Assignment – Your copy should repeat each record exactly and contain none of the pictures.

Content starts

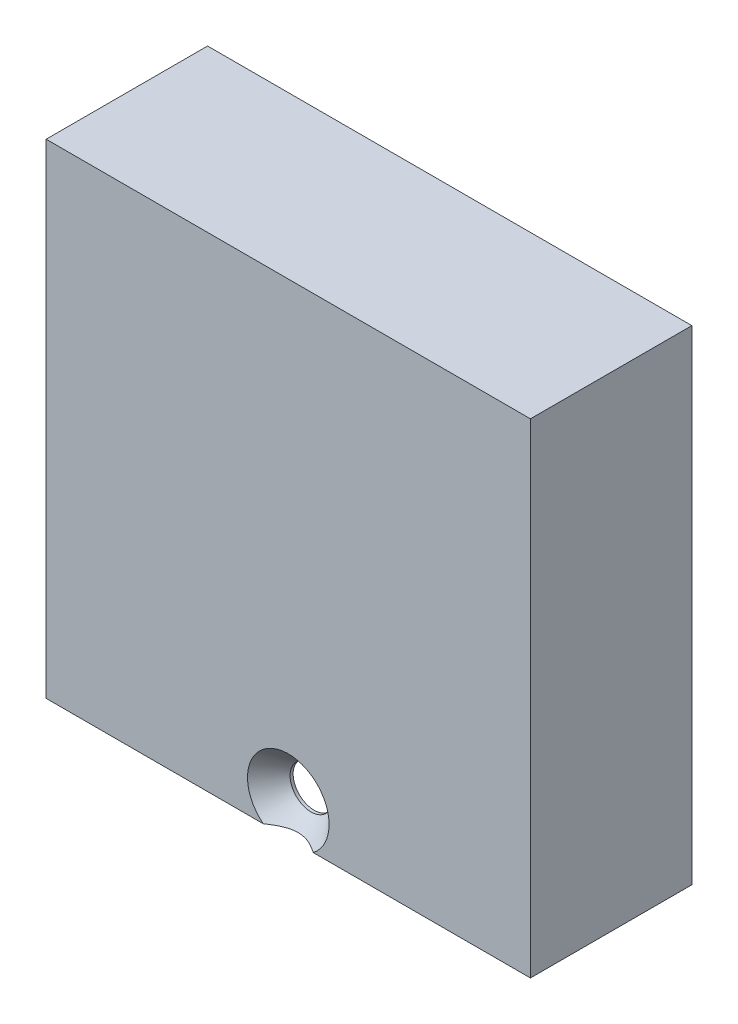
SolidWorks part; units mm, degrees
ref_plane "Plan de face" through (0, 0, 0) normal (0, 0, 1) x (1, 0, 0)
ref_plane "Plan de dessus" through (0, 0, 0) normal (0, 1, 0) x (1, 0, 0)
ref_plane "Plan de droite" through (0, 0, 0) normal (1, 0, 0) x (0, 0, -1)
sketch "Esquisse1" plane through (0, 0, 0) normal (0, 0, 1) x (1, 0, 0)
  line L1 (0, 0) -> (30, 0)
  line L2 (0, 0) -> (0, 30)
  line L3 (0, 30) -> (30, 30)
  line L4 (30, 0) -> (30, 30)
  dimension "D1" = 30
  dimension "D2" = 30
extrude "Main" add sketch "Esquisse1" along normal blind 10
sketch "Esquisse2" plane through (0, 0, 0) normal (0, -1, 0) x (1, 0, 0)
  line L0 (2.75, 0) -> (2.75, 5.2)
  line L1 (0, 0) -> (30, 0) construction
  line L2 (2.75, 5.2) -> (3.35, 5.2)
  line L3 (3.35, 5.2) -> (3.35, 6.2)
  line L4 (3.35, 6.2) -> (2.75, 6.2)
  line L5 (2.75, 6.2) -> (2.75, 8.4)
  line L6 (2.75, 8.4) -> (27.25, 8.4)
  line L7 (27.25, 8.4) -> (27.25, 6.2)
  line L8 (27.25, 6.2) -> (26.65, 6.2)
  line L9 (26.65, 6.2) -> (26.65, 5.2)
  line L10 (26.65, 5.2) -> (27.25, 5.2)
  line L11 (27.25, 5.2) -> (27.25, 0)
  line L12 (27.25, 0) -> (2.75, 0)
  line L13 (0, 10) -> (30, 10) construction
  point P13 (15, 0)
  dimension "D1" = 24.5
  dimension "D2" = 0.6
  dimension "D3" = 1
  dimension "D4" = 2.2
  dimension "D5" = 8.4
  dimension "D6" = 5.2
extrude "Main Fix" cut sketch "Esquisse2" against normal blind 28.5
sketch "Esquisse4" plane through (0, 0, 8.4) normal (0, 0, -1) x (-1, 0, 0)
  line L3 (-27.25, 28.5) -> (-27.25, 0) construction
  line L4 (-2.75, 28.5) -> (-2.75, 0) construction
  line L5 (-27.25, 15.5) -> (-27.25, 28.5)
  line L6 (-27.25, 28.5) -> (-2.75, 28.5)
  line L7 (-2.75, 28.5) -> (-2.75, 15.5)
  line L8 (-2.75, 28.5) -> (-27.25, 28.5) construction
  arc A0 (-27.25, 15.5) -> (-2.75, 15.5) centre (-15, 15.5) cw
  dimension "D1" = 12.25
  dimension "D2" = 13
extrude "Boss.-Extru.2" add sketch "Esquisse4" along normal up to surface (8.4 mm away) up to face at (15, 14.625, 0)
sketch "Esquisse5" plane through (0, 0, 5.2) normal (0, 0, -1) x (-1, 0, 0)
  line L0 (-3.35, 13.9703) -> (0, 13.9703)
  line L1 (0, 13.9703) -> (0, 30)
  line L2 (0, 30) -> (-30, 30)
  line L3 (-30, 30) -> (-30, 13.9703)
  line L4 (-30, 13.9703) -> (-26.65, 13.9703)
  line L5 (-30, 0) -> (-30, 30) construction
  line L6 (0, 30) -> (0, 0) construction
  line L7 (-30, 30) -> (0, 30) construction
  line L8 (-26.65, 19.2868) -> (-26.65, 0) construction
  arc A0 (-26.65, 13.9703) -> (-3.35, 13.9703) centre (-15, 15.5) cw
  arc A3 (-2.75, 15.5) -> (-27.25, 15.5) centre (-15, 15.5) ccw construction
  dimension "D1" = 11.75
extrude "Boss.-Extru.3" add sketch "Esquisse5" against normal up to surface (1 mm away) up to face at (26.9873, 8.7026, 6.2)
sketch "Esquisse10" plane through (0, 0, 10) normal (0, 0, 1) x (1, 0, 0)
  line L0 (0, 0) -> (30, 0) construction
  point P0 (15, 2)
  point P4 (15, 0)
  dimension "D1" = 2
hole_wizard "Fraisage pour vis à tête fraisée bombée #33" positions "Esquisse11" profile "Esquisse12" countersink size "#3" standard "Ansi Inch" end condition through all
sketch "Esquisse11" plane through (0, 0, 10) normal (0, 0, 1) x (1, 0, 0)
  point P0 (15, 2)
sketch "Esquisse12" plane through (15, 2, 10) normal (1, 0, 0) x (0, -1, 0)
  line L0 (0, 0) -> (0, 10)
  line L1 (0, 10) -> (1.3, 10)
  line L2 (1.3, 10) -> (1.3, 1.4119)
  line L3 (1.3, 1.4119) -> (2.5273, 0)
  line L5 (2.5273, 0) -> (0, 0)
  line L6 (-1.3, 1.4119) -> (-2.5273, 0) construction
  line L11 (0, -6.35) -> (0, 107.95) construction
  dimension "Diamètre du perçage jusqu'au prochain" = 2.6
  dimension "Profondeur du perçage jusqu'au prochain" = 10
  dimension "Diamètre du fraisage entrant" = 5.0546
  dimension "Angle du fraisage entrant" = 82

Content ends

Solution for this exercise –
SolidWorks part; units mm, degrees
ref_plane "Plan de face" through (0, 0, 0) normal (0, 0, 1) x (1, 0, 0)
ref_plane "Plan de dessus" through (0, 0, 0) normal (0, 1, 0) x (1, 0, 0)
ref_plane "Plan de droite" through (0, 0, 0) normal (1, 0, 0) x (0, 0, -1)
sketch "Esquisse1" plane through (0, 0, 0) normal (0, 0, 1) x (1, 0, 0)
  line L1 (0, 0) -> (30, 0)
  line L2 (0, 0) -> (0, 30)
  line L3 (0, 30) -> (30, 30)
  line L4 (30, 0) -> (30, 30)
  dimension "D1" = 30
  dimension "D2" = 30
extrude "Main" add sketch "Esquisse1" along normal blind 10
sketch "Esquisse2" plane through (0, 0, 0) normal (0, -1, 0) x (1, 0, 0)
  line L0 (2.75, 0) -> (2.75, 5.2)
  line L1 (0, 0) -> (30, 0) construction
  line L2 (2.75, 5.2) -> (3.35, 5.2)
  line L3 (3.35, 5.2) -> (3.35, 6.2)
  line L4 (3.35, 6.2) -> (2.75, 6.2)
  line L5 (2.75, 6.2) -> (2.75, 8.4)
  line L6 (2.75, 8.4) -> (27.25, 8.4)
  line L7 (27.25, 8.4) -> (27.25, 6.2)
  line L8 (27.25, 6.2) -> (26.65, 6.2)
  line L9 (26.65, 6.2) -> (26.65, 5.2)
  line L10 (26.65, 5.2) -> (27.25, 5.2)
  line L11 (27.25, 5.2) -> (27.25, 0)
  line L12 (27.25, 0) -> (2.75, 0)
  line L13 (0, 10) -> (30, 10) construction
  point P13 (15, 0)
  dimension "D1" = 24.5
  dimension "D2" = 0.6
  dimension "D3" = 1
  dimension "D4" = 2.2
  dimension "D5" = 8.4
  dimension "D6" = 5.2
extrude "Main Fix" cut sketch "Esquisse2" against normal blind 28.5
sketch "Esquisse4" plane through (0, 0, 8.4) normal (0, 0, -1) x (-1, 0, 0)
  line L3 (-27.25, 28.5) -> (-27.25, 0) construction
  line L4 (-2.75, 28.5) -> (-2.75, 0) construction
  line L5 (-27.25, 15.5) -> (-27.25, 28.5)
  line L6 (-27.25, 28.5) -> (-2.75, 28.5)
  line L7 (-2.75, 28.5) -> (-2.75, 15.5)
  line L8 (-2.75, 28.5) -> (-27.25, 28.5) construction
  arc A0 (-27.25, 15.5) -> (-2.75, 15.5) centre (-15, 15.5) cw
  dimension "D1" = 12.25
  dimension "D2" = 13
extrude "Boss.-Extru.2" add sketch "Esquisse4" along normal up to surface (8.4 mm away) up to face at (15, 14.625, 0)
sketch "Esquisse5" plane through (0, 0, 5.2) normal (0, 0, -1) x (-1, 0, 0)
  line L0 (-3.35, 13.9703) -> (0, 13.9703)
  line L1 (0, 13.9703) -> (0, 30)
  line L2 (0, 30) -> (-30, 30)
  line L3 (-30, 30) -> (-30, 13.9703)
  line L4 (-30, 13.9703) -> (-26.65, 13.9703)
  line L5 (-30, 0) -> (-30, 30) construction
  line L6 (0, 30) -> (0, 0) construction
  line L7 (-30, 30) -> (0, 30) construction
  line L8 (-26.65, 19.2868) -> (-26.65, 0) construction
  arc A0 (-26.65, 13.9703) -> (-3.35, 13.9703) centre (-15, 15.5) cw
  arc A3 (-2.75, 15.5) -> (-27.25, 15.5) centre (-15, 15.5) ccw construction
  dimension "D1" = 11.75
extrude "Boss.-Extru.3" add sketch "Esquisse5" against normal up to surface (1 mm away) up to face at (26.9873, 8.7026, 6.2)
sketch "Esquisse10" plane through (0, 0, 10) normal (0, 0, 1) x (1, 0, 0)
  line L0 (0, 0) -> (30, 0) construction
  point P0 (15, 2)
  point P4 (15, 0)
  dimension "D1" = 2
hole_wizard "Fraisage pour vis à tête fraisée bombée #33" positions "Esquisse11" profile "Esquisse12" countersink size "#3" standard "Ansi Inch" end condition through all
sketch "Esquisse11" plane through (0, 0, 10) normal (0, 0, 1) x (1, 0, 0)
  point P0 (15, 2)
sketch "Esquisse12" plane through (15, 2, 10) normal (1, 0, 0) x (0, -1, 0)
  line L0 (0, 0) -> (0, 10)
  line L1 (0, 10) -> (1.3, 10)
  line L2 (1.3, 10) -> (1.3, 1.4119)
  line L3 (1.3, 1.4119) -> (2.5273, 0)
  line L5 (2.5273, 0) -> (0, 0)
  line L6 (-1.3, 1.4119) -> (-2.5273, 0) construction
  line L11 (0, -6.35) -> (0, 107.95) construction
  dimension "Diamètre du perçage jusqu'au prochain" = 2.6
  dimension "Profondeur du perçage jusqu'au prochain" = 10
  dimension "Diamètre du fraisage entrant" = 5.0546
  dimension "Angle du fraisage entrant" = 82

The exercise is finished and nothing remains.